You cannot make money betting NO on near-coin-flip events when the payout structure demands 66%. This is a market-selection problem, not a model problem. Single-degree brackets sit below NWS/ensemble forecast resolution and Kalshi prices them efficiently. No probability model (Gaussian, empirical, ensemble-fit, or otherwise) can produce edge in a market that doesn't have any.

eval/empirical_analysis.py: walk-forward backtest: empirical vs Gaussian, era-split
def walk_forward(rows, min_edge):
    """Chronological. For trade i, train empirical model on rows 0..i-1 only.
    Simulates both Gaussian and empirical strategies: bet NO if p_hit <= mkt_p_hit - min_edge.
    """
    res = {"gauss": dict(n=0, wins=0, pnl=0.0, brier=[]),
           "emp":   dict(n=0, wins=0, pnl=0.0, brier=[])}
    usable = [r for r in rows
              if r["nws"] is not None and r["mkt_p_hit"] is not None
              and r["pnl"] is not None and r["cnt"]]
    for i, r in enumerate(usable):
        train = usable[:i]
        if len(train) < 15:
            continue  # warm-up period
        table, base = build_empirical(train)
        pe = emp_p_hit(table, base, r["nws"], r["mid"])
        pg = gaussian_p_hit(r["nws"], r["lo"], r["hi"])
        mp = r["mkt_p_hit"]
        per_contract_no_win = 1.0 - r["mkt_price"]
        for tag, p in (("gauss", pg), ("emp", pe)):
            d = res[tag]
            if p <= mp - min_edge:      # bet NO
                d["n"] += 1
                won = (r["hit"] == 0)
                d["pnl"] += (r["cnt"] * per_contract_no_win) if won else (-r["cost"])
                d["wins"] += 1 if won else 0
                d["brier"].append(brier(p, r["hit"]))
    return res, usable

The three misdiagnoses

A logging gap hid the truth from three consecutive audit passes. The INSERT INTO trades statement listed columns explicitly and omitted three diagnostic fields: raw_ensemble_probability, model_count, and models_used. Every trade row showed model_count = 1 and raw_ensemble_probability = NULL. Any inspector (human or automated) looking at that table concluded the 31-member ensemble pipeline was dead.

It wasn't. The ensemble ran correctly on every trade. The columns were simply never written.

Pass 1 (April 2026 audit): Blamed a dead OPENMETEO_PROXY node. A fix was deployed. For a non-problem.

Pass 2 (May 2026, first pass): Repeated the same 'ensemble pipeline died' error.

Pass 3 (May 2026, second pass): Over-corrected to 'the MAE sigma floor is destroying the signal and causing the bleed'. Also wrong. The era split disproves it.

The honest record of that oscillation is preserved in docs/INVESTIGATION.md.

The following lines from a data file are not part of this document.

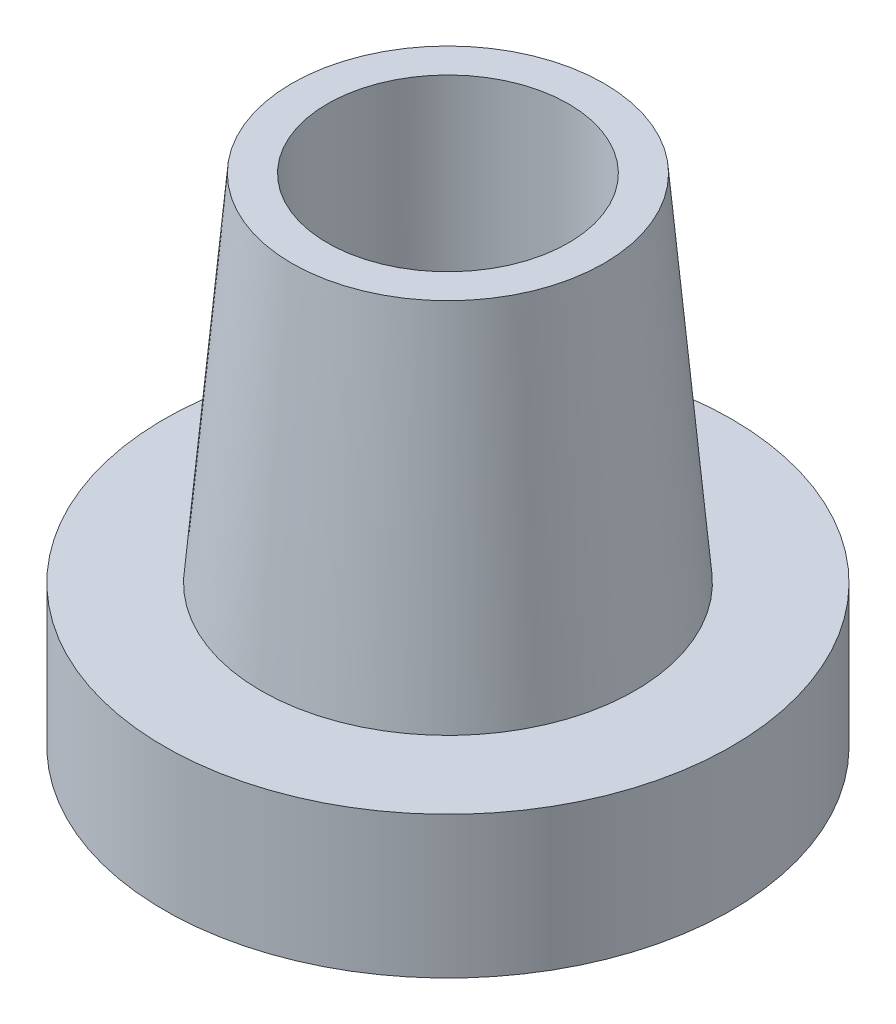
SolidWorks part; units mm, degrees
ref_plane "Front Plane" through (0, 0, 0) normal (0, 0, 1) x (1, 0, 0)
ref_plane "Top Plane" through (0, 0, 0) normal (0, 1, 0) x (1, 0, 0)
ref_plane "Right Plane" through (0, 0, 0) normal (1, 0, 0) x (0, 0, -1)
sketch "Sketch1" plane through (0, 0, 0) normal (0, 0, 1) x (1, 0, 0)
  line L1 (-40, 0) -> (-40, 20)
  line L2 (-40, 20) -> (-26.3744, 20)
  line L3 (-26.3744, 20) -> (-22, 70)
  line L4 (-22, 70) -> (-17, 70)
  line L5 (-17, 70) -> (-17, 0)
  line L7 (-40, 0) -> (-17, 0)
  line L8 (0, 0) -> (0, 50) construction
  dimension "D1" = 17
  dimension "D2" = 95
  dimension "D3" = 5
  dimension "D4" = 20
  dimension "D5" = 23
  dimension "D6" = 70
revolve "Revolve1" add sketch "Sketch1" angle 360 about L8
sketch "Sketch2" plane through (0, 0, 0) normal (0, -1, 0) x (1, 0, 0)
  circle A0 centre (0, 0) radius 19
thread "Thread2" pitch 2 method cut profile "Thread Profile2" start angle 0, offset 0, length 15, pitch 3, diameter 34
ref_plane "Plane2" through (17, 0, 0) normal (0, 0, 1) x (1, 0, 0)
sketch "Thread Profile2" plane through (17, 0, 0) normal (0, 0, 1) x (1, 0, 0)
  line L0 (0, 0) -> (0, 2) construction
  line L1 (0, 0) -> (1.0825, 0.625)
  line L2 (1.0825, 0.625) -> (1.0825, 0.875)
  line L3 (1.0825, 0.875) -> (0, 1.5)
  line L4 (1.0825, 0.75) -> (0, 0.75) construction
  line L11 (0, 0) -> (0, 1.5)
  point P2 (0, 0)
  dimension "Pitch" = 2
  dimension "Profile_Angle" = 60
  dimension "Profile_Land" = 0.25
  dimension "Profile_Height" = 1.0825
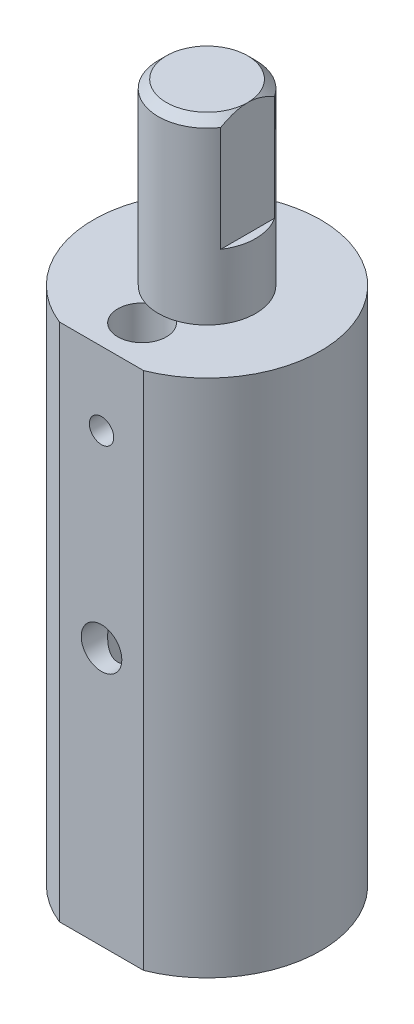
SolidWorks part; units mm, degrees
ref_plane "Front Plane" through (0, 0, 0) normal (0, 0, 1) x (1, 0, 0)
ref_plane "Top Plane" through (0, 0, 0) normal (0, 1, 0) x (1, 0, 0)
ref_plane "Right Plane" through (0, 0, 0) normal (1, 0, 0) x (0, 0, -1)
sketch "Sketch1" plane through (0, 0, 0) normal (0, 1, 0) x (1, 0, 0)
  line L0 (5.1962, -13) -> (-5.1962, -13)
  arc A0 (5.1962, -13) -> (-5.1962, -13) centre (0, 0) ccw
  circle A1 centre (-9, 0) radius 2
  circle A2 centre (9, 0) radius 2
  circle A3 centre (0, 5) radius 6
  circle A4 centre (0, -8) radius 3
  dimension "D1" = 28
  dimension "D2" = 4
  dimension "D3" = 4
  dimension "D4" = 6
  dimension "D5" = 12
  dimension "D6" = 5
  dimension "D7" = 9
  dimension "D8" = 9
  dimension "D9" = 8
  dimension "D10" = 13
extrude "Boss-Extrude1" add sketch "Sketch1" along normal blind 14
sketch "Sketch2" plane through (0, 14, 0) normal (0, 1, 0) x (1, 0, 0)
  line L1 (-5.1962, -13) -> (5.1962, -13)
  line L2 (-5.1962, -13) -> (5.1962, -13)
  circle A0 centre (0, 5) radius 6 construction
  arc A1 (5.1962, -13) -> (-5.1962, -13) centre (0, 0) ccw
  arc A2 (5.1962, -13) -> (-5.1962, -13) centre (0, 0) ccw
  circle A3 centre (0, 5) radius 6
  circle A4 centre (0, -8) radius 3 construction
  circle A5 centre (0, -8) radius 3
  dimension "D1" = 0
extrude "Boss-Extrude2" add sketch "Sketch2" along normal blind 38
sketch "Sketch3" plane through (0, 52, 0) normal (0, 1, 0) x (1, 0, 0)
  line L1 (-5.1962, -13) -> (5.1962, -13)
  line L2 (-5.1962, -13) -> (5.1962, -13)
  circle A0 centre (0, -8) radius 3 construction
  arc A1 (5.1962, -13) -> (-5.1962, -13) centre (0, 0) ccw
  arc A2 (5.1962, -13) -> (-5.1962, -13) centre (0, 0) ccw
  circle A3 centre (0, -8) radius 3
  dimension "D1" = 0
extrude "Boss-Extrude3" add sketch "Sketch3" along normal blind 12
sketch "Sketch4" plane through (0, 64, 0) normal (0, 1, 0) x (1, 0, 0)
  circle A0 centre (0, 0) radius 6
  dimension "D1" = 12
extrude "Boss-Extrude4" add sketch "Sketch4" along normal blind 22
sketch "Sketch5" plane through (0, 86, 0) normal (0, 1, 0) x (1, 0, 0)
  line L0 (5, 3.3166) -> (5, -3.3166)
  circle A0 centre (0, 0) radius 6 construction
  circle A2 centre (0, 0) radius 6
  arc A3 (5, -3.3166) -> (5, 3.3166) centre (0, 0) ccw
  dimension "D1" = 5
  dimension "D2" = 0
extrude "Cut-Extrude1" cut sketch "Sketch5" against normal blind 14
chamfer "Chamfer1" distance 1 angle 45 1 edges at (-6, 86, 0)
sketch "Sketch6" plane through (0, 0, 13) normal (0, 0, 1) x (1, 0, 0)
  circle A1 centre (0, 31.8006) radius 2.5
  dimension "D1" = 5
extrude "Cut-Extrude2" cut sketch "Sketch6" against normal blind 5
sketch "Sketch7" plane through (0, 0, 13) normal (0, 0, 1) x (1, 0, 0)
  line L1 (-5.1962, 64) -> (5.1962, 64) construction
  circle A0 centre (0, 55) radius 1.5
  dimension "D1" = 3
  dimension "D2" = 9
extrude "Cut-Extrude3" cut sketch "Sketch7" against normal blind 15

The fix (adding the three missing columns to the INSERT) is a ten-line change recommended regardless of any strategy decision, because it stops the misdiagnosis loop.

The evaluation framework

empirical_analysis.py is stdlib-only and reads the committed PSV directly. It runs a chronological walk-forward comparing two probability models at four edge thresholds: Gaussian (NWS MAE-parameterized) and an empirical bracket-hit lookup built from prior trades only. Output includes Brier scores, win rates, per-model P&L, and the empirical P(hit) table binned by forecast distance from bracket midpoint.

effective_exposure.py implements the 'effective exposure' discount logic: when a position's current market price indicates it is essentially already won or lost, the bot discounts it from the trading gate's exposure check so capital isn't blocked by quasi-decided bets. c4_eval.py is the gate-before-restart harness: a pre-committed PASS/FAIL verdict based on shadow-mode Brier score and EV after fees, designed to enforce a no-capital evaluation window before any future strategy re-launch.

The meta lesson: build c4_eval.py first, in shadow mode, with the gate criteria written down before you look at the numbers. The cheapest audit is the one you run before any capital is at risk.